For information on how to create an experiment using the remote client, refer to the Creating an experiment section in the Remote Client documentation.

TAO Launcher

tao model mask_grounding_dino inference [-h] -e <experiment spec file>
                        inference.checkpoint=<model to be inferenced>

Required Arguments

The following arguments are required to run the command.

-e, --experiment_spec: The experiment spec file to set up the inference experiment

Optional Arguments

The following arguments are optional to run the command.
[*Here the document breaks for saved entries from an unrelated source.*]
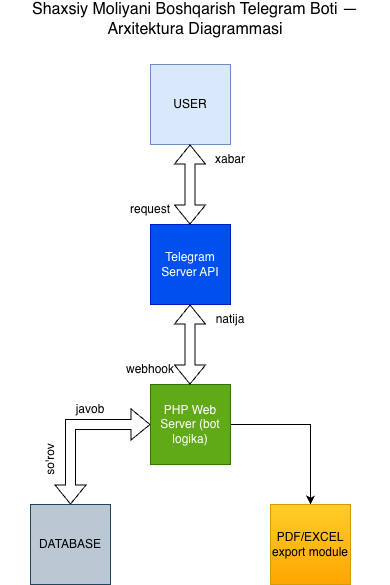

The diagram above was exported from draw.io. Its source (the exported page's mxGraphModel, read from the mxfile embedded in the PNG):
<mxGraphModel dx="786" dy="510" grid="1" gridSize="10" guides="1" tooltips="1" connect="1" arrows="1" fold="1" page="1" pageScale="1" pageWidth="827" pageHeight="1169" math="0" shadow="0">
  <root>
    <mxCell id="0" />
    <mxCell id="1" parent="0" />
    <mxCell id="kJep-jhkunGoPkphIWfB-1" value="USER" style="whiteSpace=wrap;html=1;aspect=fixed;fillColor=#dae8fc;strokeColor=#6c8ebf;" vertex="1" parent="1">
      <mxGeometry x="360" y="80" width="80" height="80" as="geometry" />
    </mxCell>
    <mxCell id="kJep-jhkunGoPkphIWfB-2" value="Telegram&lt;div&gt;Server API&lt;/div&gt;" style="whiteSpace=wrap;html=1;aspect=fixed;fillColor=#0050ef;fontColor=#ffffff;strokeColor=#001DBC;" vertex="1" parent="1">
      <mxGeometry x="360" y="240" width="80" height="80" as="geometry" />
    </mxCell>
    <mxCell id="kJep-jhkunGoPkphIWfB-9" style="edgeStyle=orthogonalEdgeStyle;rounded=0;orthogonalLoop=1;jettySize=auto;html=1;entryX=0.5;entryY=0;entryDx=0;entryDy=0;" edge="1" parent="1" source="kJep-jhkunGoPkphIWfB-3" target="kJep-jhkunGoPkphIWfB-5">
      <mxGeometry relative="1" as="geometry" />
    </mxCell>
    <mxCell id="kJep-jhkunGoPkphIWfB-3" value="PHP Web Server (bot logika)" style="whiteSpace=wrap;html=1;aspect=fixed;fillColor=#60a917;fontColor=#ffffff;strokeColor=#2D7600;" vertex="1" parent="1">
      <mxGeometry x="360" y="400" width="80" height="80" as="geometry" />
    </mxCell>
    <mxCell id="kJep-jhkunGoPkphIWfB-4" value="DATABASE" style="whiteSpace=wrap;html=1;aspect=fixed;fillColor=#bac8d3;strokeColor=#23445d;" vertex="1" parent="1">
      <mxGeometry x="240" y="520" width="80" height="80" as="geometry" />
    </mxCell>
    <mxCell id="kJep-jhkunGoPkphIWfB-5" value="PDF/EXCEL&lt;div&gt;export module&lt;/div&gt;" style="whiteSpace=wrap;html=1;aspect=fixed;fillColor=#ffcd28;gradientColor=#ffa500;strokeColor=#d79b00;" vertex="1" parent="1">
      <mxGeometry x="480" y="520" width="80" height="80" as="geometry" />
    </mxCell>
    <mxCell id="kJep-jhkunGoPkphIWfB-6" value="" style="shape=flexArrow;endArrow=classic;startArrow=classic;html=1;rounded=0;" edge="1" parent="1">
      <mxGeometry width="100" height="100" relative="1" as="geometry">
        <mxPoint x="399.5" y="240" as="sourcePoint" />
        <mxPoint x="399.5" y="160" as="targetPoint" />
      </mxGeometry>
    </mxCell>
    <mxCell id="kJep-jhkunGoPkphIWfB-7" value="" style="shape=flexArrow;endArrow=classic;startArrow=classic;html=1;rounded=0;" edge="1" parent="1">
      <mxGeometry width="100" height="100" relative="1" as="geometry">
        <mxPoint x="399.5" y="400" as="sourcePoint" />
        <mxPoint x="399.5" y="320" as="targetPoint" />
      </mxGeometry>
    </mxCell>
    <mxCell id="kJep-jhkunGoPkphIWfB-8" value="" style="shape=flexArrow;endArrow=classic;startArrow=classic;html=1;rounded=0;" edge="1" parent="1">
      <mxGeometry width="100" height="100" relative="1" as="geometry">
        <mxPoint x="280" y="520" as="sourcePoint" />
        <mxPoint x="360" y="440" as="targetPoint" />
        <Array as="points">
          <mxPoint x="280" y="440" />
        </Array>
      </mxGeometry>
    </mxCell>
    <mxCell id="kJep-jhkunGoPkphIWfB-10" value="request" style="text;html=1;whiteSpace=wrap;strokeColor=none;fillColor=none;align=center;verticalAlign=middle;rounded=0;" vertex="1" parent="1">
      <mxGeometry x="330" y="210" width="60" height="30" as="geometry" />
    </mxCell>
    <mxCell id="kJep-jhkunGoPkphIWfB-11" value="xabar" style="text;html=1;whiteSpace=wrap;strokeColor=none;fillColor=none;align=center;verticalAlign=middle;rounded=0;" vertex="1" parent="1">
      <mxGeometry x="410" y="160" width="60" height="30" as="geometry" />
    </mxCell>
    <mxCell id="kJep-jhkunGoPkphIWfB-12" value="webhook" style="text;html=1;whiteSpace=wrap;strokeColor=none;fillColor=none;align=center;verticalAlign=middle;rounded=0;" vertex="1" parent="1">
      <mxGeometry x="330" y="370" width="60" height="30" as="geometry" />
    </mxCell>
    <mxCell id="kJep-jhkunGoPkphIWfB-13" value="natija" style="text;html=1;whiteSpace=wrap;strokeColor=none;fillColor=none;align=center;verticalAlign=middle;rounded=0;" vertex="1" parent="1">
      <mxGeometry x="410" y="320" width="60" height="30" as="geometry" />
    </mxCell>
    <mxCell id="kJep-jhkunGoPkphIWfB-14" value="so'rov" style="text;html=1;whiteSpace=wrap;strokeColor=none;fillColor=none;align=center;verticalAlign=middle;rounded=0;rotation=270;" vertex="1" parent="1">
      <mxGeometry x="230" y="460" width="60" height="30" as="geometry" />
    </mxCell>
    <mxCell id="kJep-jhkunGoPkphIWfB-15" value="javob" style="text;html=1;whiteSpace=wrap;strokeColor=none;fillColor=none;align=center;verticalAlign=middle;rounded=0;" vertex="1" parent="1">
      <mxGeometry x="270" y="410" width="60" height="30" as="geometry" />
    </mxCell>
    <mxCell id="kJep-jhkunGoPkphIWfB-16" value="&lt;font style=&quot;font-size: 16px;&quot;&gt;Shaxsiy Moliyani Boshqarish Telegram Boti — Arxitektura Diagrammasi&lt;/font&gt;" style="text;html=1;whiteSpace=wrap;strokeColor=none;fillColor=none;align=center;verticalAlign=middle;rounded=0;" vertex="1" parent="1">
      <mxGeometry x="210" y="20" width="390" height="30" as="geometry" />
    </mxCell>
  </root>
</mxGraphModel>
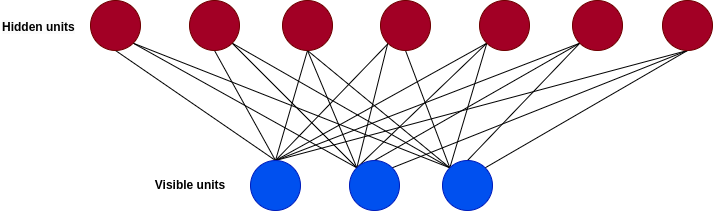

The diagram above was exported from draw.io. Its source (the exported page's mxGraphModel, read from the mxfile embedded in the PNG):
<mxGraphModel dx="880" dy="467" grid="1" gridSize="10" guides="1" tooltips="1" connect="1" arrows="1" fold="1" page="1" pageScale="1" pageWidth="827" pageHeight="1169" math="0" shadow="0">
  <root>
    <mxCell id="0" />
    <mxCell id="1" parent="0" />
    <mxCell id="VSPM_JGHDEcfnsf-hoX7-13" style="rounded=0;orthogonalLoop=1;jettySize=auto;html=1;exitX=0.5;exitY=0;exitDx=0;exitDy=0;entryX=0.5;entryY=1;entryDx=0;entryDy=0;endArrow=none;endFill=0;" edge="1" parent="1" source="VSPM_JGHDEcfnsf-hoX7-1" target="VSPM_JGHDEcfnsf-hoX7-5">
      <mxGeometry relative="1" as="geometry" />
    </mxCell>
    <mxCell id="VSPM_JGHDEcfnsf-hoX7-15" style="edgeStyle=none;rounded=0;orthogonalLoop=1;jettySize=auto;html=1;exitX=0.5;exitY=0;exitDx=0;exitDy=0;entryX=0.5;entryY=1;entryDx=0;entryDy=0;endArrow=none;endFill=0;" edge="1" parent="1" source="VSPM_JGHDEcfnsf-hoX7-1" target="VSPM_JGHDEcfnsf-hoX7-6">
      <mxGeometry relative="1" as="geometry" />
    </mxCell>
    <mxCell id="VSPM_JGHDEcfnsf-hoX7-16" style="edgeStyle=none;rounded=0;orthogonalLoop=1;jettySize=auto;html=1;exitX=0.5;exitY=0;exitDx=0;exitDy=0;entryX=0.5;entryY=1;entryDx=0;entryDy=0;endArrow=none;endFill=0;" edge="1" parent="1" source="VSPM_JGHDEcfnsf-hoX7-1" target="VSPM_JGHDEcfnsf-hoX7-7">
      <mxGeometry relative="1" as="geometry" />
    </mxCell>
    <mxCell id="VSPM_JGHDEcfnsf-hoX7-17" style="edgeStyle=none;rounded=0;orthogonalLoop=1;jettySize=auto;html=1;exitX=0.5;exitY=0;exitDx=0;exitDy=0;endArrow=none;endFill=0;" edge="1" parent="1" source="VSPM_JGHDEcfnsf-hoX7-1" target="VSPM_JGHDEcfnsf-hoX7-8">
      <mxGeometry relative="1" as="geometry" />
    </mxCell>
    <mxCell id="VSPM_JGHDEcfnsf-hoX7-18" style="edgeStyle=none;rounded=0;orthogonalLoop=1;jettySize=auto;html=1;exitX=0.5;exitY=0;exitDx=0;exitDy=0;entryX=0;entryY=1;entryDx=0;entryDy=0;endArrow=none;endFill=0;" edge="1" parent="1" source="VSPM_JGHDEcfnsf-hoX7-1" target="VSPM_JGHDEcfnsf-hoX7-9">
      <mxGeometry relative="1" as="geometry" />
    </mxCell>
    <mxCell id="VSPM_JGHDEcfnsf-hoX7-19" style="edgeStyle=none;rounded=0;orthogonalLoop=1;jettySize=auto;html=1;exitX=0.5;exitY=0;exitDx=0;exitDy=0;entryX=0;entryY=1;entryDx=0;entryDy=0;endArrow=none;endFill=0;" edge="1" parent="1" source="VSPM_JGHDEcfnsf-hoX7-1" target="VSPM_JGHDEcfnsf-hoX7-10">
      <mxGeometry relative="1" as="geometry" />
    </mxCell>
    <mxCell id="VSPM_JGHDEcfnsf-hoX7-20" style="edgeStyle=none;rounded=0;orthogonalLoop=1;jettySize=auto;html=1;exitX=0.5;exitY=0;exitDx=0;exitDy=0;entryX=0.5;entryY=1;entryDx=0;entryDy=0;endArrow=none;endFill=0;" edge="1" parent="1" source="VSPM_JGHDEcfnsf-hoX7-1" target="VSPM_JGHDEcfnsf-hoX7-11">
      <mxGeometry relative="1" as="geometry" />
    </mxCell>
    <mxCell id="VSPM_JGHDEcfnsf-hoX7-1" value="" style="ellipse;whiteSpace=wrap;html=1;aspect=fixed;fillColor=#0050ef;strokeColor=#001DBC;fontColor=#ffffff;" vertex="1" parent="1">
      <mxGeometry x="290" y="510" width="50" height="50" as="geometry" />
    </mxCell>
    <mxCell id="VSPM_JGHDEcfnsf-hoX7-21" style="edgeStyle=none;rounded=0;orthogonalLoop=1;jettySize=auto;html=1;exitX=0;exitY=0;exitDx=0;exitDy=0;entryX=1;entryY=1;entryDx=0;entryDy=0;endArrow=none;endFill=0;" edge="1" parent="1" source="VSPM_JGHDEcfnsf-hoX7-3" target="VSPM_JGHDEcfnsf-hoX7-5">
      <mxGeometry relative="1" as="geometry" />
    </mxCell>
    <mxCell id="VSPM_JGHDEcfnsf-hoX7-22" style="edgeStyle=none;rounded=0;orthogonalLoop=1;jettySize=auto;html=1;exitX=0;exitY=0;exitDx=0;exitDy=0;entryX=1;entryY=1;entryDx=0;entryDy=0;endArrow=none;endFill=0;" edge="1" parent="1" source="VSPM_JGHDEcfnsf-hoX7-3" target="VSPM_JGHDEcfnsf-hoX7-6">
      <mxGeometry relative="1" as="geometry" />
    </mxCell>
    <mxCell id="VSPM_JGHDEcfnsf-hoX7-24" style="edgeStyle=none;rounded=0;orthogonalLoop=1;jettySize=auto;html=1;exitX=0;exitY=0;exitDx=0;exitDy=0;entryX=0.5;entryY=1;entryDx=0;entryDy=0;endArrow=none;endFill=0;" edge="1" parent="1" source="VSPM_JGHDEcfnsf-hoX7-3" target="VSPM_JGHDEcfnsf-hoX7-7">
      <mxGeometry relative="1" as="geometry" />
    </mxCell>
    <mxCell id="VSPM_JGHDEcfnsf-hoX7-25" style="edgeStyle=none;rounded=0;orthogonalLoop=1;jettySize=auto;html=1;exitX=0;exitY=0;exitDx=0;exitDy=0;entryX=0;entryY=1;entryDx=0;entryDy=0;endArrow=none;endFill=0;" edge="1" parent="1" source="VSPM_JGHDEcfnsf-hoX7-3" target="VSPM_JGHDEcfnsf-hoX7-8">
      <mxGeometry relative="1" as="geometry" />
    </mxCell>
    <mxCell id="VSPM_JGHDEcfnsf-hoX7-26" style="edgeStyle=none;rounded=0;orthogonalLoop=1;jettySize=auto;html=1;exitX=0;exitY=0;exitDx=0;exitDy=0;entryX=0;entryY=1;entryDx=0;entryDy=0;endArrow=none;endFill=0;" edge="1" parent="1" source="VSPM_JGHDEcfnsf-hoX7-3" target="VSPM_JGHDEcfnsf-hoX7-9">
      <mxGeometry relative="1" as="geometry" />
    </mxCell>
    <mxCell id="VSPM_JGHDEcfnsf-hoX7-28" style="edgeStyle=none;rounded=0;orthogonalLoop=1;jettySize=auto;html=1;exitX=0.5;exitY=0;exitDx=0;exitDy=0;entryX=0;entryY=1;entryDx=0;entryDy=0;endArrow=none;endFill=0;" edge="1" parent="1" source="VSPM_JGHDEcfnsf-hoX7-3" target="VSPM_JGHDEcfnsf-hoX7-10">
      <mxGeometry relative="1" as="geometry" />
    </mxCell>
    <mxCell id="VSPM_JGHDEcfnsf-hoX7-30" style="edgeStyle=none;rounded=0;orthogonalLoop=1;jettySize=auto;html=1;exitX=1;exitY=0;exitDx=0;exitDy=0;entryX=0.5;entryY=1;entryDx=0;entryDy=0;endArrow=none;endFill=0;" edge="1" parent="1" source="VSPM_JGHDEcfnsf-hoX7-3" target="VSPM_JGHDEcfnsf-hoX7-11">
      <mxGeometry relative="1" as="geometry" />
    </mxCell>
    <mxCell id="VSPM_JGHDEcfnsf-hoX7-3" value="" style="ellipse;whiteSpace=wrap;html=1;aspect=fixed;fillColor=#0050ef;fontColor=#ffffff;strokeColor=#001DBC;" vertex="1" parent="1">
      <mxGeometry x="389" y="510" width="50" height="50" as="geometry" />
    </mxCell>
    <mxCell id="VSPM_JGHDEcfnsf-hoX7-31" style="edgeStyle=none;rounded=0;orthogonalLoop=1;jettySize=auto;html=1;exitX=0;exitY=0;exitDx=0;exitDy=0;entryX=1;entryY=1;entryDx=0;entryDy=0;endArrow=none;endFill=0;" edge="1" parent="1" source="VSPM_JGHDEcfnsf-hoX7-4" target="VSPM_JGHDEcfnsf-hoX7-5">
      <mxGeometry relative="1" as="geometry" />
    </mxCell>
    <mxCell id="VSPM_JGHDEcfnsf-hoX7-32" style="edgeStyle=none;rounded=0;orthogonalLoop=1;jettySize=auto;html=1;exitX=0;exitY=0;exitDx=0;exitDy=0;entryX=1;entryY=1;entryDx=0;entryDy=0;endArrow=none;endFill=0;" edge="1" parent="1" source="VSPM_JGHDEcfnsf-hoX7-4" target="VSPM_JGHDEcfnsf-hoX7-6">
      <mxGeometry relative="1" as="geometry" />
    </mxCell>
    <mxCell id="VSPM_JGHDEcfnsf-hoX7-33" style="edgeStyle=none;rounded=0;orthogonalLoop=1;jettySize=auto;html=1;exitX=0;exitY=0;exitDx=0;exitDy=0;entryX=0.5;entryY=1;entryDx=0;entryDy=0;endArrow=none;endFill=0;" edge="1" parent="1" source="VSPM_JGHDEcfnsf-hoX7-4" target="VSPM_JGHDEcfnsf-hoX7-7">
      <mxGeometry relative="1" as="geometry" />
    </mxCell>
    <mxCell id="VSPM_JGHDEcfnsf-hoX7-34" style="edgeStyle=none;rounded=0;orthogonalLoop=1;jettySize=auto;html=1;exitX=0;exitY=0;exitDx=0;exitDy=0;entryX=0.5;entryY=1;entryDx=0;entryDy=0;endArrow=none;endFill=0;" edge="1" parent="1" source="VSPM_JGHDEcfnsf-hoX7-4" target="VSPM_JGHDEcfnsf-hoX7-8">
      <mxGeometry relative="1" as="geometry" />
    </mxCell>
    <mxCell id="VSPM_JGHDEcfnsf-hoX7-35" style="edgeStyle=none;rounded=0;orthogonalLoop=1;jettySize=auto;html=1;exitX=0;exitY=0;exitDx=0;exitDy=0;entryX=0;entryY=1;entryDx=0;entryDy=0;endArrow=none;endFill=0;" edge="1" parent="1" source="VSPM_JGHDEcfnsf-hoX7-4" target="VSPM_JGHDEcfnsf-hoX7-9">
      <mxGeometry relative="1" as="geometry" />
    </mxCell>
    <mxCell id="VSPM_JGHDEcfnsf-hoX7-36" style="edgeStyle=none;rounded=0;orthogonalLoop=1;jettySize=auto;html=1;exitX=0.5;exitY=0;exitDx=0;exitDy=0;entryX=0;entryY=1;entryDx=0;entryDy=0;endArrow=none;endFill=0;" edge="1" parent="1" source="VSPM_JGHDEcfnsf-hoX7-4" target="VSPM_JGHDEcfnsf-hoX7-10">
      <mxGeometry relative="1" as="geometry" />
    </mxCell>
    <mxCell id="VSPM_JGHDEcfnsf-hoX7-37" style="edgeStyle=none;rounded=0;orthogonalLoop=1;jettySize=auto;html=1;exitX=1;exitY=0;exitDx=0;exitDy=0;entryX=0.5;entryY=1;entryDx=0;entryDy=0;endArrow=none;endFill=0;" edge="1" parent="1" source="VSPM_JGHDEcfnsf-hoX7-4" target="VSPM_JGHDEcfnsf-hoX7-11">
      <mxGeometry relative="1" as="geometry" />
    </mxCell>
    <mxCell id="VSPM_JGHDEcfnsf-hoX7-4" value="" style="ellipse;whiteSpace=wrap;html=1;aspect=fixed;fillColor=#0050ef;fontColor=#ffffff;strokeColor=#001DBC;" vertex="1" parent="1">
      <mxGeometry x="482" y="510" width="50" height="50" as="geometry" />
    </mxCell>
    <mxCell id="VSPM_JGHDEcfnsf-hoX7-5" value="" style="ellipse;whiteSpace=wrap;html=1;aspect=fixed;fillColor=#a20025;fontColor=#ffffff;strokeColor=#6F0000;" vertex="1" parent="1">
      <mxGeometry x="130" y="350" width="50" height="50" as="geometry" />
    </mxCell>
    <mxCell id="VSPM_JGHDEcfnsf-hoX7-6" value="" style="ellipse;whiteSpace=wrap;html=1;aspect=fixed;fillColor=#a20025;fontColor=#ffffff;strokeColor=#6F0000;" vertex="1" parent="1">
      <mxGeometry x="229" y="350" width="50" height="50" as="geometry" />
    </mxCell>
    <mxCell id="VSPM_JGHDEcfnsf-hoX7-7" value="" style="ellipse;whiteSpace=wrap;html=1;aspect=fixed;fillColor=#a20025;fontColor=#ffffff;strokeColor=#6F0000;" vertex="1" parent="1">
      <mxGeometry x="322" y="350" width="50" height="50" as="geometry" />
    </mxCell>
    <mxCell id="VSPM_JGHDEcfnsf-hoX7-8" value="" style="ellipse;whiteSpace=wrap;html=1;aspect=fixed;fillColor=#a20025;fontColor=#ffffff;strokeColor=#6F0000;" vertex="1" parent="1">
      <mxGeometry x="420" y="350" width="50" height="50" as="geometry" />
    </mxCell>
    <mxCell id="VSPM_JGHDEcfnsf-hoX7-9" value="" style="ellipse;whiteSpace=wrap;html=1;aspect=fixed;fillColor=#a20025;fontColor=#ffffff;strokeColor=#6F0000;" vertex="1" parent="1">
      <mxGeometry x="519" y="350" width="50" height="50" as="geometry" />
    </mxCell>
    <mxCell id="VSPM_JGHDEcfnsf-hoX7-10" value="" style="ellipse;whiteSpace=wrap;html=1;aspect=fixed;fillColor=#a20025;fontColor=#ffffff;strokeColor=#6F0000;" vertex="1" parent="1">
      <mxGeometry x="612" y="350" width="50" height="50" as="geometry" />
    </mxCell>
    <mxCell id="VSPM_JGHDEcfnsf-hoX7-11" value="" style="ellipse;whiteSpace=wrap;html=1;aspect=fixed;fillColor=#a20025;fontColor=#ffffff;strokeColor=#6F0000;" vertex="1" parent="1">
      <mxGeometry x="702" y="350" width="50" height="50" as="geometry" />
    </mxCell>
    <mxCell id="VSPM_JGHDEcfnsf-hoX7-38" value="&lt;b&gt;Visible units&lt;/b&gt;" style="text;html=1;strokeColor=none;fillColor=none;align=center;verticalAlign=middle;whiteSpace=wrap;rounded=0;" vertex="1" parent="1">
      <mxGeometry x="190" y="520" width="80" height="30" as="geometry" />
    </mxCell>
    <mxCell id="VSPM_JGHDEcfnsf-hoX7-39" value="&lt;b style=&quot;border-color: var(--border-color); color: rgb(0, 0, 0); font-family: Helvetica; font-size: 12px; font-style: normal; font-variant-ligatures: normal; font-variant-caps: normal; letter-spacing: normal; orphans: 2; text-align: center; text-indent: 0px; text-transform: none; widows: 2; word-spacing: 0px; -webkit-text-stroke-width: 0px; background-color: rgb(251, 251, 251); text-decoration-thickness: initial; text-decoration-style: initial; text-decoration-color: initial;&quot;&gt;Hidden units&lt;/b&gt;" style="text;whiteSpace=wrap;html=1;" vertex="1" parent="1">
      <mxGeometry x="40" y="362.5" width="80" height="25" as="geometry" />
    </mxCell>
  </root>
</mxGraphModel>
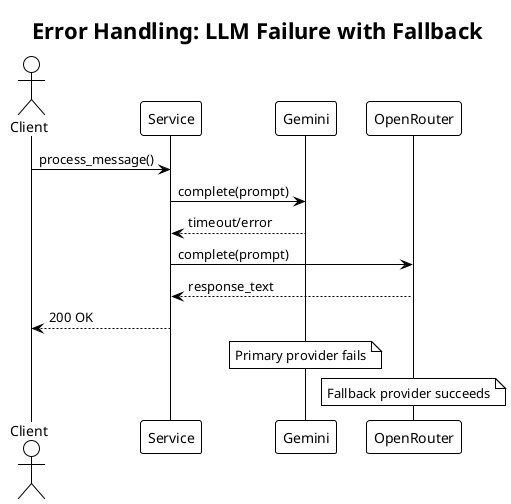

The diagram above was rendered by PlantUML. Its source (embedded in the PNG):
@startuml
!theme plain
skinparam backgroundColor white

title Error Handling: LLM Failure with Fallback

actor Client
participant "Service" as Service
participant "Gemini" as Primary
participant "OpenRouter" as Fallback

Client -> Service: process_message()
Service -> Primary: complete(prompt)
Primary --> Service: timeout/error
Service -> Fallback: complete(prompt)
Fallback --> Service: response_text
Service --> Client: 200 OK

note over Primary: Primary provider fails
note over Fallback: Fallback provider succeeds

@enduml
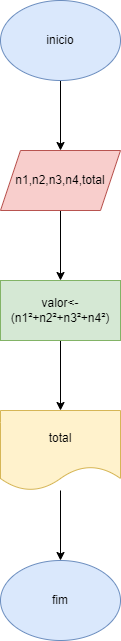

The diagram above was exported from draw.io. Its source (the exported page's mxGraphModel, read from the mxfile embedded in the PNG):
<mxGraphModel dx="1422" dy="794" grid="1" gridSize="10" guides="1" tooltips="1" connect="1" arrows="1" fold="1" page="1" pageScale="1" pageWidth="827" pageHeight="1169" math="0" shadow="0">
  <root>
    <mxCell id="0" />
    <mxCell id="1" parent="0" />
    <mxCell id="hIWkGB373Pe2JgNV9nK1-6" value="" style="edgeStyle=orthogonalEdgeStyle;rounded=0;orthogonalLoop=1;jettySize=auto;html=1;" edge="1" parent="1" source="hIWkGB373Pe2JgNV9nK1-1" target="hIWkGB373Pe2JgNV9nK1-2">
      <mxGeometry relative="1" as="geometry" />
    </mxCell>
    <mxCell id="hIWkGB373Pe2JgNV9nK1-1" value="inicio" style="ellipse;whiteSpace=wrap;html=1;fillColor=#dae8fc;strokeColor=#6c8ebf;" vertex="1" parent="1">
      <mxGeometry x="354" y="50" width="120" height="80" as="geometry" />
    </mxCell>
    <mxCell id="hIWkGB373Pe2JgNV9nK1-7" value="" style="edgeStyle=orthogonalEdgeStyle;rounded=0;orthogonalLoop=1;jettySize=auto;html=1;" edge="1" parent="1" source="hIWkGB373Pe2JgNV9nK1-2" target="hIWkGB373Pe2JgNV9nK1-3">
      <mxGeometry relative="1" as="geometry" />
    </mxCell>
    <mxCell id="hIWkGB373Pe2JgNV9nK1-2" value="n1,n2,n3,n4,total" style="shape=parallelogram;perimeter=parallelogramPerimeter;whiteSpace=wrap;html=1;fixedSize=1;fillColor=#f8cecc;strokeColor=#b85450;" vertex="1" parent="1">
      <mxGeometry x="354" y="200" width="120" height="60" as="geometry" />
    </mxCell>
    <mxCell id="hIWkGB373Pe2JgNV9nK1-8" value="" style="edgeStyle=orthogonalEdgeStyle;rounded=0;orthogonalLoop=1;jettySize=auto;html=1;" edge="1" parent="1" source="hIWkGB373Pe2JgNV9nK1-3" target="hIWkGB373Pe2JgNV9nK1-4">
      <mxGeometry relative="1" as="geometry" />
    </mxCell>
    <mxCell id="hIWkGB373Pe2JgNV9nK1-3" value="valor&amp;lt;-(n1²+n2²+n3²+n4²)" style="rounded=0;whiteSpace=wrap;html=1;fillColor=#d5e8d4;strokeColor=#82b366;" vertex="1" parent="1">
      <mxGeometry x="354" y="330" width="120" height="60" as="geometry" />
    </mxCell>
    <mxCell id="hIWkGB373Pe2JgNV9nK1-9" value="" style="edgeStyle=orthogonalEdgeStyle;rounded=0;orthogonalLoop=1;jettySize=auto;html=1;" edge="1" parent="1" source="hIWkGB373Pe2JgNV9nK1-4" target="hIWkGB373Pe2JgNV9nK1-5">
      <mxGeometry relative="1" as="geometry" />
    </mxCell>
    <mxCell id="hIWkGB373Pe2JgNV9nK1-4" value="total" style="shape=document;whiteSpace=wrap;html=1;boundedLbl=1;fillColor=#fff2cc;strokeColor=#d6b656;" vertex="1" parent="1">
      <mxGeometry x="354" y="460" width="120" height="80" as="geometry" />
    </mxCell>
    <mxCell id="hIWkGB373Pe2JgNV9nK1-5" value="fim" style="ellipse;whiteSpace=wrap;html=1;fillColor=#dae8fc;strokeColor=#6c8ebf;" vertex="1" parent="1">
      <mxGeometry x="354" y="610" width="120" height="80" as="geometry" />
    </mxCell>
  </root>
</mxGraphModel>

inference.checkpoint: The .pth model to inference

Sample Usage

This is an example of using the inference command:

tao model mask_grounding_dino inference -e /path/to/spec.yaml inference.checkpoint=/path/to/model.pth

Exporting the Model#

export#

The export parameter defines the hyperparameters of the export process.

export:
  checkpoint: /path/to/model.pth
  onnx_file: /path/to/model.onnx
  on_cpu: False
  opset_version: 17
  input_channel: 3
  input_width: 960
  input_height: 544
  batch_size: -1

Field	Value Type	Description	default_value	valid_min	automl_enabled
`results_dir`	string	Path to where all the assets generated from a task are stored.			False
`gpu_id`	int	The index of the GPU to build the TensorRT engine.	0		False
`checkpoint`	string	Path to the checkpoint file to run export.	???		False
`onnx_file`	string	Path to the ONNX model file.	???		False
`on_cpu`	bool	True: Export CPU compatible model.	False		False
`input_channel`	int	Number of channels in the input tensor.	3	3	False
`input_width`	int	Width of the input image tensor.	960	32	False
`input_height`	int	Height of the input image tensor.	544	32	False
`opset_version`	int	Operator set version of the ONNX model used to generate the TensorRT engine.	17	1	False
`batch_size`	int	The batch size of the input Tensor for the engine. A value of `-1` implies dynamic tensor shapes.	-1	-1	False
`verbose`	bool	True: Enable verbose TensorRT logging.	False		False

TAO Client (v2 API)

EXPORT_JOB_ID=$(tao mask_grounding_dino create-job \
  --kind experiment \
  --name "mask_grounding_dino_export" \
  --action export \
  --workspace-id $WORKSPACE_ID \
  --parent-job-id $TRAIN_JOB_ID \
  --specs "$EXPORT_SPECS" \
  --base-experiment-ids '["'$BASE_EXPERIMENT_ID'"]' \
  --encryption-key "nvidia_tlt" | jq -r '.id')

See also

For information on how to create an experiment using the remote client, refer to the Creating an experiment section in the Remote Client documentation.

TAO Launcher

tao model mask_grounding_dino export [-h] -e <experiment spec file>
                      export.checkpoint=<model to export>
                      export.onnx_file=<onnx path>

Required Arguments

The following arguments are required to run the command.

-e, --experiment_spec: The path to an experiment spec file

Optional Arguments

The following arguments are optional to run the command.

export.checkpoint: The .pth model to export
export.onnx_file: The path where the .onnx model is saved

Sample Usage

This is an example of using the export command:

tao model mask_grounding_dino export -e /path/to/spec.yaml export.checkpoint=/path/to/model.pth export.onnx_file=/path/to/model.onnx

TensorRT Engine Generation, Validation, and int8 Calibration#

For deployment, refer to TAO Deploy documentation for Mask Grounding DINO.